Start of Block
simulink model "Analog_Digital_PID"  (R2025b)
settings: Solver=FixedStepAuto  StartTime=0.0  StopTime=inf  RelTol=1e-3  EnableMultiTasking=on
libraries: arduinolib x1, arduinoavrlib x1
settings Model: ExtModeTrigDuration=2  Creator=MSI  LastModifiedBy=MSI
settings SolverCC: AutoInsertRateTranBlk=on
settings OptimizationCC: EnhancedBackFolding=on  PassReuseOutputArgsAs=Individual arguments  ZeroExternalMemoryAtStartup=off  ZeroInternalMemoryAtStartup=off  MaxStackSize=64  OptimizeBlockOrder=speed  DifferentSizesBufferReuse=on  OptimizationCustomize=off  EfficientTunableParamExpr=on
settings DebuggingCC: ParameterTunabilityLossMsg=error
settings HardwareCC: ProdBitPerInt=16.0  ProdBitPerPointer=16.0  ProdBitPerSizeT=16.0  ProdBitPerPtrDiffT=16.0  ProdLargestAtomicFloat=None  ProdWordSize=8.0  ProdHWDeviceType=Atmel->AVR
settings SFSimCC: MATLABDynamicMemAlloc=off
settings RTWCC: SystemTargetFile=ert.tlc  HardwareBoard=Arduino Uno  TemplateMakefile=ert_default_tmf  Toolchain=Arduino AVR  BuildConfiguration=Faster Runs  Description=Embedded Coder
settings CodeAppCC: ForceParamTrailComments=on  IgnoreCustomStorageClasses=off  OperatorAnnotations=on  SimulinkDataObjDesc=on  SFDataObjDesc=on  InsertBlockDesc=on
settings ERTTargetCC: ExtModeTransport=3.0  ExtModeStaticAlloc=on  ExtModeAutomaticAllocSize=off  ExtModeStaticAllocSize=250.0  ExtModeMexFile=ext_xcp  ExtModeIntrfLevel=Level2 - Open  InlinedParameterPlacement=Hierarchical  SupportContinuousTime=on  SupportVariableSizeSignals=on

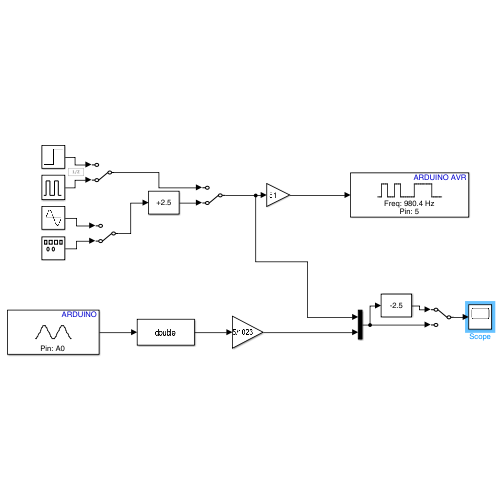
[thumbnail: Simulink's stored preview of the top-level diagram]
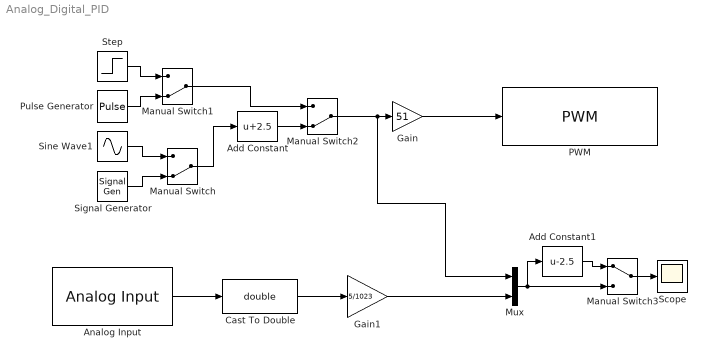
== system Analog_Digital_PID ==
  Add Constant : Bias  Bias=2.5  SaturateOnIntegerOverflow=off
  Add Constant1 : Bias  Bias=-2.5  SaturateOnIntegerOverflow=off
  Analog Input : arduinolib/Analog Input  pinNumber=0  ReadResultsOnly=off  ConversionTriggerSource=Software  ExternalTriggerType=uint32( 0 )  OutputDataType=uint16  EnableConversionCompleteNotify=off  EnableOuputStatus=off  SampleTime=0.01  blockPlatform=arduino
  Cast To Double : DataTypeConversion  OutDataTypeStr=double  SaturateOnIntegerOverflow=off  RndMeth=Floor
  Gain : Gain  Gain=51
  Gain1 : Gain  Gain=5/1023
  Manual Switch : ManualSwitch  CurrentSetting=0
  Manual Switch1 : ManualSwitch  CurrentSetting=0
  Manual Switch2 : ManualSwitch  CurrentSetting=0
  Manual Switch3 : ManualSwitch
  Mux : Mux  Inputs=2
  PWM : arduinoavrlib/PWM  pinNumber=5  desiredFrequency=980.4  achievableFrequency=980.4  EnableCompareMatchInterrupt=off  EnableOverflowInterrupt=off
  Pulse Generator : DiscretePulseGenerator  PulseType=Time based  Amplitude=5  Period=4  PulseWidth=50
  Scope : Scope
      settings: ActiveDisplayYMinimum=0.54594465242270174  ActiveDisplayYMaximum=1.5449366782755996  DataLoggingVariableName=Bode_Pulse
  Signal Generator : SignalGenerator  WaveForm=square  Amplitude=1.5  Frequency=5  Units=rad/sec
  Sine Wave1 : Sin  Amplitude=2.5  Frequency=5  SampleTime=0
  Step : Step  After=5  SampleTime=0.01
  wires:
  Analog Input/1 -> Cast To Double/1
  Cast To Double/1 -> Gain1/1
  Gain1/1 -> Mux/2
  Gain/1 -> PWM/1
  Manual Switch2/1 -> Mux/1, Gain/1
  Signal Generator/1 -> Manual Switch/2
  Sine Wave1/1 -> Manual Switch/1
  Step/1 -> Manual Switch1/1
  Pulse Generator/1 -> Manual Switch1/2
  Manual Switch1/1 -> Manual Switch2/1
  Manual Switch3/1 -> Scope/1
  Add Constant1/1 -> Manual Switch3/1
  Mux/1 -> Manual Switch3/2, Add Constant1/1
  Manual Switch/1 -> Add Constant/1
  Add Constant/1 -> Manual Switch2/2
End of Block
Exercise brief —
The response must hold only the lines above from the line with "settings OptimizationCC: EnhancedBackFolding=on" through the line with "settings DebuggingCC: ParameterTunabilityLossMsg=error", each copied exactly, both ends kept.

Solution to the exercise —
settings OptimizationCC: EnhancedBackFolding=on  PassReuseOutputArgsAs=Individual arguments  ZeroExternalMemoryAtStartup=off  ZeroInternalMemoryAtStartup=off  MaxStackSize=64  OptimizeBlockOrder=speed  DifferentSizesBufferReuse=on  OptimizationCustomize=off  EfficientTunableParamExpr=on
settings DebuggingCC: ParameterTunabilityLossMsg=error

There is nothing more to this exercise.